Thanks for the review DM51 and Lips for the rotating photo. Those are really great for detecting the actual difference with the eye.

I ordered one yesterday after seeing this thread and I'm fairly excited since it's not everyday that a neat mod comes out for my favorite edc light.

I'm eager to get it. :naughty:


----------



## greenstuffs (Jan 8, 2008)

Hope we get lucky 


Groundhog66 said:


> Great review, thank you. I have my Fivemega Kit, but unfortunately I have not located the host as of yet.
> 
> 
> Tim


----------



## cslinger (Jan 8, 2008)

Great review. I do have a question / thought.

The A2 bulb assembly is noted for being very robust and for running for a very long time before blowing out. I have yet to burn out an A2 bulb. 

My Strion, however, tends to go through bulbs relatively quickly. So the question is will the savings per lamp assembly really come to be or will you simply end up buying four or five Strion bulbs for every one Surefire assembly? 

Does the bulb benefit from the regulation/soft starts etc. like the SF one?

I don't mean any of this to sound SF fanboy like as I really like my Strion as well. If the Strion bulbs show to be as reliable or even almost as reliable this is a fantastic modification.

Chris


----------



## this_is_nascar (Jan 8, 2008)

cslinger said:


> Great review. I do have a question / thought.
> 
> The A2 bulb assembly is noted for being very robust and for running for a very long time before blowing out. I have yet to burn out an A2 bulb.
> 
> ...



I know this MOD was marketed as a way of saving on bulbs, but I tend to be going further down the direction you are. The A2 bulbs are pretty indestructable. I know the TL-3 bulbs from Streamlight are fairly delicate, so I'd expect the Strion bulbs to be the same. I discounted all the statements about this MOD saving on bulbs and got it for the additional brightness of the package.
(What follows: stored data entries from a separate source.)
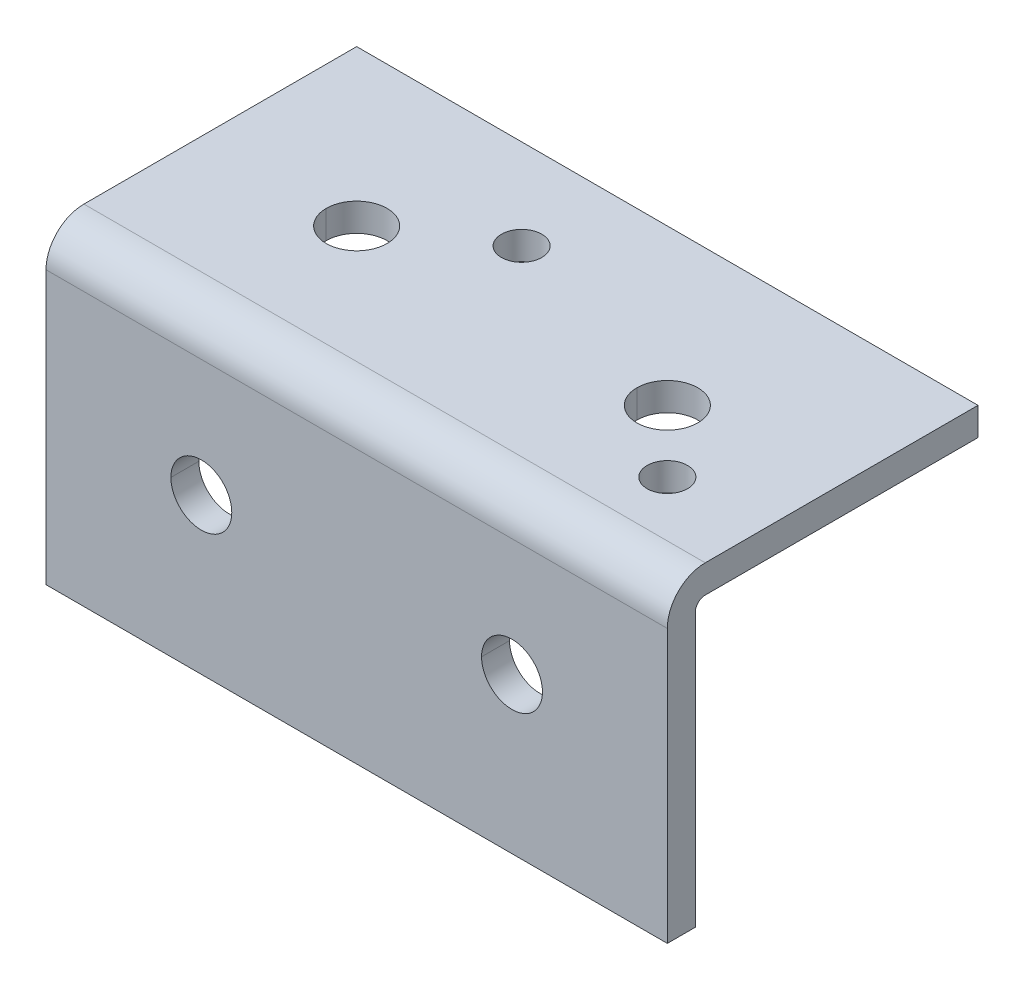
ISO-10303-21;
HEADER;
FILE_DESCRIPTION(('STEP AP214'),'2;1');
FILE_NAME('part.step','',(''),(''),'','','');
FILE_SCHEMA(('AUTOMOTIVE_DESIGN { 1 0 10303 214 1 1 1 1 }'));
ENDSEC;
DATA;
#1=APPLICATION_CONTEXT('core data for automotive mechanical design processes');
#2=APPLICATION_PROTOCOL_DEFINITION('international standard','automotive_design',2000,#1);
#3=PRODUCT_CONTEXT('',#1,'mechanical');
#4=PRODUCT('Part','Part','',(#3));
#5=PRODUCT_RELATED_PRODUCT_CATEGORY('part','',(#4));
#6=PRODUCT_DEFINITION_FORMATION('','',#4);
#7=PRODUCT_DEFINITION_CONTEXT('part definition',#1,'design');
#8=PRODUCT_DEFINITION('design','',#6,#7);
#9=PRODUCT_DEFINITION_SHAPE('','',#8);
#10=(LENGTH_UNIT() NAMED_UNIT(*) SI_UNIT(.MILLI.,.METRE.));
#11=(NAMED_UNIT(*) PLANE_ANGLE_UNIT() SI_UNIT($,.RADIAN.));
#12=(NAMED_UNIT(*) SI_UNIT($,.STERADIAN.) SOLID_ANGLE_UNIT());
#13=UNCERTAINTY_MEASURE_WITH_UNIT(LENGTH_MEASURE(1.E-05),#10,'distance_accuracy_value','');
#14=(GEOMETRIC_REPRESENTATION_CONTEXT(3) GLOBAL_UNCERTAINTY_ASSIGNED_CONTEXT((#13)) GLOBAL_UNIT_ASSIGNED_CONTEXT((#10,
#11,#12)) REPRESENTATION_CONTEXT('',''));
#15=CARTESIAN_POINT('',(0.,0.,0.));
#16=DIRECTION('',(0.,0.,1.));
#17=DIRECTION('',(1.,0.,0.));
#18=AXIS2_PLACEMENT_3D('',#15,#16,#17);
#19=CARTESIAN_POINT('',(-38.1,-25.4,25.4));
#20=DIRECTION('',(0.,0.,-1.));
#21=DIRECTION('',(1.,0.,0.));
#22=AXIS2_PLACEMENT_3D('',#19,#20,#21);
#23=CYLINDRICAL_SURFACE('',#22,2.4892);
#24=DIRECTION('',(0.,0.,-1.));
#25=VECTOR('',#24,1.);
#26=CARTESIAN_POINT('',(-40.5892,-25.4,25.4));
#27=LINE('',#26,#25);
#28=CARTESIAN_POINT('',(-40.5892,-25.4,25.4));
#29=VERTEX_POINT('',#28);
#30=CARTESIAN_POINT('',(-40.5892,-25.4,23.114));
#31=VERTEX_POINT('',#30);
#32=EDGE_CURVE('E160',#29,#31,#27,.T.);
#33=ORIENTED_EDGE('',*,*,#32,.F.);
#34=CARTESIAN_POINT('',(-38.1,-25.4,25.4));
#35=DIRECTION('',(0.,0.,-1.));
#36=DIRECTION('',(1.,0.,0.));
#37=AXIS2_PLACEMENT_3D('',#34,#35,#36);
#38=CIRCLE('',#37,2.4892);
#39=CARTESIAN_POINT('',(-35.6108,-25.4,25.4));
#40=VERTEX_POINT('',#39);
#41=EDGE_CURVE('E145',#40,#29,#38,.T.);
#42=ORIENTED_EDGE('',*,*,#41,.F.);
#43=DIRECTION('',(0.,0.,-1.));
#44=VECTOR('',#43,1.);
#45=CARTESIAN_POINT('',(-35.6108,-25.4,25.4));
#46=LINE('',#45,#44);
#47=CARTESIAN_POINT('',(-35.6108,-25.4,23.114));
#48=VERTEX_POINT('',#47);
#49=EDGE_CURVE('E168',#40,#48,#46,.T.);
#50=ORIENTED_EDGE('',*,*,#49,.T.);
#51=CARTESIAN_POINT('',(-38.1,-25.4,23.114));
#52=DIRECTION('',(0.,0.,-1.));
#53=DIRECTION('',(1.,0.,0.));
#54=AXIS2_PLACEMENT_3D('',#51,#52,#53);
#55=CIRCLE('',#54,2.4892);
#56=EDGE_CURVE('E58',#48,#31,#55,.T.);
#57=ORIENTED_EDGE('',*,*,#56,.T.);
#58=EDGE_LOOP('',(#33,#42,#50,#57));
#59=FACE_BOUND('',#58,.T.);
#60=ADVANCED_FACE('F47',(#59),#23,.F.);
#61=CARTESIAN_POINT('',(-12.7,-25.4,25.4));
#62=DIRECTION('',(0.,0.,-1.));
#63=DIRECTION('',(1.,0.,0.));
#64=AXIS2_PLACEMENT_3D('',#61,#62,#63);
#65=CYLINDRICAL_SURFACE('',#64,2.4892);
#66=DIRECTION('',(0.,0.,-1.));
#67=VECTOR('',#66,1.);
#68=CARTESIAN_POINT('',(-15.1892,-25.4,25.4));
#69=LINE('',#68,#67);
#70=CARTESIAN_POINT('',(-15.1892,-25.4,25.4));
#71=VERTEX_POINT('',#70);
#72=CARTESIAN_POINT('',(-15.1892,-25.4,23.114));
#73=VERTEX_POINT('',#72);
#74=EDGE_CURVE('E220',#71,#73,#69,.T.);
#75=ORIENTED_EDGE('',*,*,#74,.F.);
#76=CARTESIAN_POINT('',(-12.7,-25.4,25.4));
#77=DIRECTION('',(0.,0.,-1.));
#78=DIRECTION('',(1.,0.,0.));
#79=AXIS2_PLACEMENT_3D('',#76,#77,#78);
#80=CIRCLE('',#79,2.4892);
#81=CARTESIAN_POINT('',(-10.2108,-25.4,25.4));
#82=VERTEX_POINT('',#81);
#83=EDGE_CURVE('E155',#82,#71,#80,.T.);
#84=ORIENTED_EDGE('',*,*,#83,.F.);
#85=DIRECTION('',(0.,0.,-1.));
#86=VECTOR('',#85,1.);
#87=CARTESIAN_POINT('',(-10.2108,-25.4,25.4));
#88=LINE('',#87,#86);
#89=CARTESIAN_POINT('',(-10.2108,-25.4,23.114));
#90=VERTEX_POINT('',#89);
#91=EDGE_CURVE('E206',#82,#90,#88,.T.);
#92=ORIENTED_EDGE('',*,*,#91,.T.);
#93=CARTESIAN_POINT('',(-12.7,-25.4,23.114));
#94=DIRECTION('',(0.,0.,-1.));
#95=DIRECTION('',(1.,0.,0.));
#96=AXIS2_PLACEMENT_3D('',#93,#94,#95);
#97=CIRCLE('',#96,2.4892);
#98=EDGE_CURVE('E12',#90,#73,#97,.T.);
#99=ORIENTED_EDGE('',*,*,#98,.T.);
#100=EDGE_LOOP('',(#75,#84,#92,#99));
#101=FACE_BOUND('',#100,.T.);
#102=ADVANCED_FACE('F347',(#101),#65,.F.);
#103=CARTESIAN_POINT('',(-12.7,-12.7,12.7));
#104=DIRECTION('',(0.,-1.,0.));
#105=DIRECTION('',(-1.,0.,0.));
#106=AXIS2_PLACEMENT_3D('',#103,#104,#105);
#107=CYLINDRICAL_SURFACE('',#106,2.4892);
#108=DIRECTION('',(0.,-1.,0.));
#109=VECTOR('',#108,1.);
#110=CARTESIAN_POINT('',(-10.2108,-12.7,12.7));
#111=LINE('',#110,#109);
#112=CARTESIAN_POINT('',(-10.2108,-12.7,12.7));
#113=VERTEX_POINT('',#112);
#114=CARTESIAN_POINT('',(-10.2108,-14.986,12.7));
#115=VERTEX_POINT('',#114);
#116=EDGE_CURVE('E205',#113,#115,#111,.T.);
#117=ORIENTED_EDGE('',*,*,#116,.F.);
#118=CARTESIAN_POINT('',(-12.7,-12.7,12.7));
#119=DIRECTION('',(0.,-1.,0.));
#120=DIRECTION('',(-1.,0.,0.));
#121=AXIS2_PLACEMENT_3D('',#118,#119,#120);
#122=CIRCLE('',#121,2.4892);
#123=CARTESIAN_POINT('',(-15.1892,-12.7,12.7));
#124=VERTEX_POINT('',#123);
#125=EDGE_CURVE('E226',#124,#113,#122,.T.);
#126=ORIENTED_EDGE('',*,*,#125,.F.);
#127=DIRECTION('',(0.,-1.,0.));
#128=VECTOR('',#127,1.);
#129=CARTESIAN_POINT('',(-15.1892,-12.7,12.7));
#130=LINE('',#129,#128);
#131=CARTESIAN_POINT('',(-15.1892,-14.986,12.7));
#132=VERTEX_POINT('',#131);
#133=EDGE_CURVE('E252',#124,#132,#130,.T.);
#134=ORIENTED_EDGE('',*,*,#133,.T.);
#135=CARTESIAN_POINT('',(-12.7,-14.986,12.7));
#136=DIRECTION('',(0.,-1.,0.));
#137=DIRECTION('',(-1.,0.,0.));
#138=AXIS2_PLACEMENT_3D('',#135,#136,#137);
#139=CIRCLE('',#138,2.4892);
#140=EDGE_CURVE('E389',#132,#115,#139,.T.);
#141=ORIENTED_EDGE('',*,*,#140,.T.);
#142=EDGE_LOOP('',(#117,#126,#134,#141));
#143=FACE_BOUND('',#142,.T.);
#144=ADVANCED_FACE('F49',(#143),#107,.F.);
#145=CARTESIAN_POINT('',(-38.1,-12.7,12.7));
#146=DIRECTION('',(0.,-1.,0.));
#147=DIRECTION('',(-1.,0.,0.));
#148=AXIS2_PLACEMENT_3D('',#145,#146,#147);
#149=CYLINDRICAL_SURFACE('',#148,2.4892);
#150=DIRECTION('',(0.,-1.,0.));
#151=VECTOR('',#150,1.);
#152=CARTESIAN_POINT('',(-35.6108,-12.7,12.7));
#153=LINE('',#152,#151);
#154=CARTESIAN_POINT('',(-35.6108,-12.7,12.7));
#155=VERTEX_POINT('',#154);
#156=CARTESIAN_POINT('',(-35.6108,-14.986,12.7));
#157=VERTEX_POINT('',#156);
#158=EDGE_CURVE('E179',#155,#157,#153,.T.);
#159=ORIENTED_EDGE('',*,*,#158,.F.);
#160=CARTESIAN_POINT('',(-38.1,-12.7,12.7));
#161=DIRECTION('',(0.,-1.,0.));
#162=DIRECTION('',(-1.,0.,0.));
#163=AXIS2_PLACEMENT_3D('',#160,#161,#162);
#164=CIRCLE('',#163,2.4892);
#165=CARTESIAN_POINT('',(-40.5892,-12.7,12.7));
#166=VERTEX_POINT('',#165);
#167=EDGE_CURVE('E229',#166,#155,#164,.T.);
#168=ORIENTED_EDGE('',*,*,#167,.F.);
#169=DIRECTION('',(0.,-1.,0.));
#170=VECTOR('',#169,1.);
#171=CARTESIAN_POINT('',(-40.5892,-12.7,12.7));
#172=LINE('',#171,#170);
#173=CARTESIAN_POINT('',(-40.5892,-14.986,12.7));
#174=VERTEX_POINT('',#173);
#175=EDGE_CURVE('E292',#166,#174,#172,.T.);
#176=ORIENTED_EDGE('',*,*,#175,.T.);
#177=CARTESIAN_POINT('',(-38.1,-14.986,12.7));
#178=DIRECTION('',(0.,-1.,0.));
#179=DIRECTION('',(-1.,0.,0.));
#180=AXIS2_PLACEMENT_3D('',#177,#178,#179);
#181=CIRCLE('',#180,2.4892);
#182=EDGE_CURVE('E181',#174,#157,#181,.T.);
#183=ORIENTED_EDGE('',*,*,#182,.T.);
#184=EDGE_LOOP('',(#159,#168,#176,#183));
#185=FACE_BOUND('',#184,.T.);
#186=ADVANCED_FACE('F522',(#185),#149,.F.);
#187=CARTESIAN_POINT('',(-50.8,-12.7,25.400012));
#188=DIRECTION('',(1.,0.,0.));
#189=DIRECTION('',(0.,-1.,0.));
#190=AXIS2_PLACEMENT_3D('',#187,#188,#189);
#191=PLANE('',#190);
#192=CARTESIAN_POINT('',(-50.8,-15.7988,22.3012));
#193=DIRECTION('',(-1.,0.,0.));
#194=DIRECTION('',(0.,-1.,0.));
#195=AXIS2_PLACEMENT_3D('',#192,#193,#194);
#196=CIRCLE('',#195,3.0988);
#197=CARTESIAN_POINT('',(-50.8,-15.7988,25.4));
#198=VERTEX_POINT('',#197);
#199=CARTESIAN_POINT('',(-50.8,-12.7,22.3012));
#200=VERTEX_POINT('',#199);
#201=EDGE_CURVE('E297',#198,#200,#196,.T.);
#202=ORIENTED_EDGE('',*,*,#201,.T.);
#203=DIRECTION('',(0.,0.,-1.));
#204=VECTOR('',#203,1.);
#205=CARTESIAN_POINT('',(-50.8,-12.7,25.400012));
#206=LINE('',#205,#204);
#207=CARTESIAN_POINT('',(-50.8,-12.7,0.));
#208=VERTEX_POINT('',#207);
#209=EDGE_CURVE('E289',#200,#208,#206,.T.);
#210=ORIENTED_EDGE('',*,*,#209,.T.);
#211=DIRECTION('',(0.,-1.,0.));
#212=VECTOR('',#211,1.);
#213=CARTESIAN_POINT('',(-50.8,-12.7,0.));
#214=LINE('',#213,#212);
#215=CARTESIAN_POINT('',(-50.8,-14.986,0.));
#216=VERTEX_POINT('',#215);
#217=EDGE_CURVE('E298',#208,#216,#214,.T.);
#218=ORIENTED_EDGE('',*,*,#217,.T.);
#219=DIRECTION('',(0.,0.,-1.));
#220=VECTOR('',#219,1.);
#221=CARTESIAN_POINT('',(-50.8,-14.986,25.4));
#222=LINE('',#221,#220);
#223=CARTESIAN_POINT('',(-50.8,-14.986,22.3012));
#224=VERTEX_POINT('',#223);
#225=EDGE_CURVE('E272',#224,#216,#222,.T.);
#226=ORIENTED_EDGE('',*,*,#225,.F.);
#227=CARTESIAN_POINT('',(-50.8,-15.7988,22.3012));
#228=DIRECTION('',(-1.,0.,0.));
#229=DIRECTION('',(0.,-1.,0.));
#230=AXIS2_PLACEMENT_3D('',#227,#228,#229);
#231=CIRCLE('',#230,0.8128);
#232=CARTESIAN_POINT('',(-50.8,-15.7988,23.114));
#233=VERTEX_POINT('',#232);
#234=EDGE_CURVE('E282',#233,#224,#231,.T.);
#235=ORIENTED_EDGE('',*,*,#234,.F.);
#236=DIRECTION('',(0.,1.,0.));
#237=VECTOR('',#236,1.);
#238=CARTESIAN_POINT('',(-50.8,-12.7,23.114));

I guess time well tell, as I'm waiting for my Strion bulbs to be delivered.


----------



## kongfuchicken (Jan 8, 2008)

All bulbs that are overdriven tend to greatly benefit from soft start circuitry.
I've never had any experience with a stock strion but if it doesn't have that feature, it'd explain the higher lamp mortality rate.

Of course, since the strion bulb is brighter than the A2 lamp, I'd assume it is being overdriven more and probably will fail sooner. Nonetheless, a strion bulb is still way cheaper than a surefire lamp assembly and easier to carry as spares...

So far, I've gone through less than two battery set on my bulb with no sign of problem. Time will tell but so far, it's all good.


----------



## DM51 (Jan 8, 2008)

Lifetime of the Strion bulb vs. MA02 is an interesting question - I don't know the answer. FM did a run of these kits before, so presumably someone has experience of this.


----------



## Patriot (Jan 9, 2008)

I ordered mine on Sunday and received it today. As DM51 already mentioned, the FM holder is of very high quality and the machining looks superb.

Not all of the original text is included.